SUPPLIED MATERIAL:
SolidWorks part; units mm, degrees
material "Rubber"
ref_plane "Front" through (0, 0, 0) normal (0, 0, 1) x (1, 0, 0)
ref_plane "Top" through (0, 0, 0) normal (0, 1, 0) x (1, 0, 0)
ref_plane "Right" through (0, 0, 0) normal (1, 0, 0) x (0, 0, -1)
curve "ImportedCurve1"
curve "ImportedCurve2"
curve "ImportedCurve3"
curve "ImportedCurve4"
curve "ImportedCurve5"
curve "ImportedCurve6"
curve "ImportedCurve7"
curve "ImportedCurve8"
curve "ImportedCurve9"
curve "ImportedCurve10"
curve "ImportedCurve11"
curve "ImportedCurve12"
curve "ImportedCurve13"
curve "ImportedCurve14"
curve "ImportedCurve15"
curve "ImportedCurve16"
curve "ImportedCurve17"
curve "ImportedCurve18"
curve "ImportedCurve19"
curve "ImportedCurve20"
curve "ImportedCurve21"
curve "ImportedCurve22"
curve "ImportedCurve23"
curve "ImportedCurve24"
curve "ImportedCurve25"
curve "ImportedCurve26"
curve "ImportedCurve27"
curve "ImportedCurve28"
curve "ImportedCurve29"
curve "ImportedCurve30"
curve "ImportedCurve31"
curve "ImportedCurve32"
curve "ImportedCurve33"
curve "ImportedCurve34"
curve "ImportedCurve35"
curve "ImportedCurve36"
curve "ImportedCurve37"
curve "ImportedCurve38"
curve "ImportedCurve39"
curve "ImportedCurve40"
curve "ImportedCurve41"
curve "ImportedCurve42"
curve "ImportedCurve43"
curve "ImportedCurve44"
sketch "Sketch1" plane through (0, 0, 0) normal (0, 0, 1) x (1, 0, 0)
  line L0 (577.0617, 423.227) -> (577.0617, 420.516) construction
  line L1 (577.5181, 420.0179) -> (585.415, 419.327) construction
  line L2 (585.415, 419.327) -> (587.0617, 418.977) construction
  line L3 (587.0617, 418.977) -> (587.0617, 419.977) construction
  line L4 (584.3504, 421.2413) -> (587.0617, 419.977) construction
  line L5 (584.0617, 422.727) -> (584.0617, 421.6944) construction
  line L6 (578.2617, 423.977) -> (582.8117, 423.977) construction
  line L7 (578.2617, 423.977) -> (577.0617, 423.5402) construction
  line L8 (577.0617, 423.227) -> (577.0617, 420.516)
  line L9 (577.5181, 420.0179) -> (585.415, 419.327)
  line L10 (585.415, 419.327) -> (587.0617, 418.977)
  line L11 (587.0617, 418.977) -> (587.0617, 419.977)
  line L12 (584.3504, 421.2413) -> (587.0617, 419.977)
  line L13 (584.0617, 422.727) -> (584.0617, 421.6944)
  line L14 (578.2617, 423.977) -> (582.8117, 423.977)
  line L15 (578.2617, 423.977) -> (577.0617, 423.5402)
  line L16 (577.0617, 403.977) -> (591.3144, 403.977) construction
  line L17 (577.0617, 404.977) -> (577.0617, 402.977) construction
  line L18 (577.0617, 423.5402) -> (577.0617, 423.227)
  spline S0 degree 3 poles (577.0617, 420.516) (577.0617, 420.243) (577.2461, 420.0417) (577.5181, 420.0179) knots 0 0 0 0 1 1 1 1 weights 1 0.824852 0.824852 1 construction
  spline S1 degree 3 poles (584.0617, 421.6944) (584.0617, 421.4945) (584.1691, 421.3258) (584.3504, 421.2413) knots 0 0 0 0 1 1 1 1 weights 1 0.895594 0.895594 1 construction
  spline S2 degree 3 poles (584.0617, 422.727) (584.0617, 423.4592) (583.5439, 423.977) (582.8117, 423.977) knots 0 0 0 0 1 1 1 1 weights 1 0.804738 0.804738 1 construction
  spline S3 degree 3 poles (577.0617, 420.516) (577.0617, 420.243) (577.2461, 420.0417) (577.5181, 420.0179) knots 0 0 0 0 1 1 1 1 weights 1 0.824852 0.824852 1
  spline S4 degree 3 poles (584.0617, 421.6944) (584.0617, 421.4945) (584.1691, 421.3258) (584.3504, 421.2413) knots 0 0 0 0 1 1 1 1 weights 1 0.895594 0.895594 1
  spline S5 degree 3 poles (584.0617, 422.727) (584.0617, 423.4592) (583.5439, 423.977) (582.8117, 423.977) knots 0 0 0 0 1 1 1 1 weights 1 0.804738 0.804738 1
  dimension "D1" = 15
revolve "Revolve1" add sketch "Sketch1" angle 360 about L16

EXERCISE REQUIREMENTS: Please return the full set of records exactly as given above.

TASK RESPONSE:
SolidWorks part; units mm, degrees
material "Rubber"
ref_plane "Front" through (0, 0, 0) normal (0, 0, 1) x (1, 0, 0)
ref_plane "Top" through (0, 0, 0) normal (0, 1, 0) x (1, 0, 0)
ref_plane "Right" through (0, 0, 0) normal (1, 0, 0) x (0, 0, -1)
curve "ImportedCurve1"
curve "ImportedCurve2"
curve "ImportedCurve3"
curve "ImportedCurve4"
curve "ImportedCurve5"
curve "ImportedCurve6"
curve "ImportedCurve7"
curve "ImportedCurve8"
curve "ImportedCurve9"
curve "ImportedCurve10"
curve "ImportedCurve11"
curve "ImportedCurve12"
curve "ImportedCurve13"
curve "ImportedCurve14"
curve "ImportedCurve15"
curve "ImportedCurve16"
curve "ImportedCurve17"
curve "ImportedCurve18"
curve "ImportedCurve19"
curve "ImportedCurve20"
curve "ImportedCurve21"
curve "ImportedCurve22"
curve "ImportedCurve23"
curve "ImportedCurve24"
curve "ImportedCurve25"
curve "ImportedCurve26"
curve "ImportedCurve27"
curve "ImportedCurve28"
curve "ImportedCurve29"
curve "ImportedCurve30"
curve "ImportedCurve31"
curve "ImportedCurve32"
curve "ImportedCurve33"
curve "ImportedCurve34"
curve "ImportedCurve35"
curve "ImportedCurve36"
curve "ImportedCurve37"
curve "ImportedCurve38"
curve "ImportedCurve39"
curve "ImportedCurve40"
curve "ImportedCurve41"
curve "ImportedCurve42"
curve "ImportedCurve43"
curve "ImportedCurve44"
sketch "Sketch1" plane through (0, 0, 0) normal (0, 0, 1) x (1, 0, 0)
  line L0 (577.0617, 423.227) -> (577.0617, 420.516) construction
  line L1 (577.5181, 420.0179) -> (585.415, 419.327) construction
  line L2 (585.415, 419.327) -> (587.0617, 418.977) construction
  line L3 (587.0617, 418.977) -> (587.0617, 419.977) construction
  line L4 (584.3504, 421.2413) -> (587.0617, 419.977) construction
  line L5 (584.0617, 422.727) -> (584.0617, 421.6944) construction
  line L6 (578.2617, 423.977) -> (582.8117, 423.977) construction
  line L7 (578.2617, 423.977) -> (577.0617, 423.5402) construction
  line L8 (577.0617, 423.227) -> (577.0617, 420.516)
  line L9 (577.5181, 420.0179) -> (585.415, 419.327)
  line L10 (585.415, 419.327) -> (587.0617, 418.977)
  line L11 (587.0617, 418.977) -> (587.0617, 419.977)
  line L12 (584.3504, 421.2413) -> (587.0617, 419.977)
  line L13 (584.0617, 422.727) -> (584.0617, 421.6944)
  line L14 (578.2617, 423.977) -> (582.8117, 423.977)
  line L15 (578.2617, 423.977) -> (577.0617, 423.5402)
  line L16 (577.0617, 403.977) -> (591.3144, 403.977) construction
  line L17 (577.0617, 404.977) -> (577.0617, 402.977) construction
  line L18 (577.0617, 423.5402) -> (577.0617, 423.227)
  spline S0 degree 3 poles (577.0617, 420.516) (577.0617, 420.243) (577.2461, 420.0417) (577.5181, 420.0179) knots 0 0 0 0 1 1 1 1 weights 1 0.824852 0.824852 1 construction
  spline S1 degree 3 poles (584.0617, 421.6944) (584.0617, 421.4945) (584.1691, 421.3258) (584.3504, 421.2413) knots 0 0 0 0 1 1 1 1 weights 1 0.895594 0.895594 1 construction
  spline S2 degree 3 poles (584.0617, 422.727) (584.0617, 423.4592) (583.5439, 423.977) (582.8117, 423.977) knots 0 0 0 0 1 1 1 1 weights 1 0.804738 0.804738 1 construction
  spline S3 degree 3 poles (577.0617, 420.516) (577.0617, 420.243) (577.2461, 420.0417) (577.5181, 420.0179) knots 0 0 0 0 1 1 1 1 weights 1 0.824852 0.824852 1
  spline S4 degree 3 poles (584.0617, 421.6944) (584.0617, 421.4945) (584.1691, 421.3258) (584.3504, 421.2413) knots 0 0 0 0 1 1 1 1 weights 1 0.895594 0.895594 1
  spline S5 degree 3 poles (584.0617, 422.727) (584.0617, 423.4592) (583.5439, 423.977) (582.8117, 423.977) knots 0 0 0 0 1 1 1 1 weights 1 0.804738 0.804738 1
  dimension "D1" = 15
revolve "Revolve1" add sketch "Sketch1" angle 360 about L16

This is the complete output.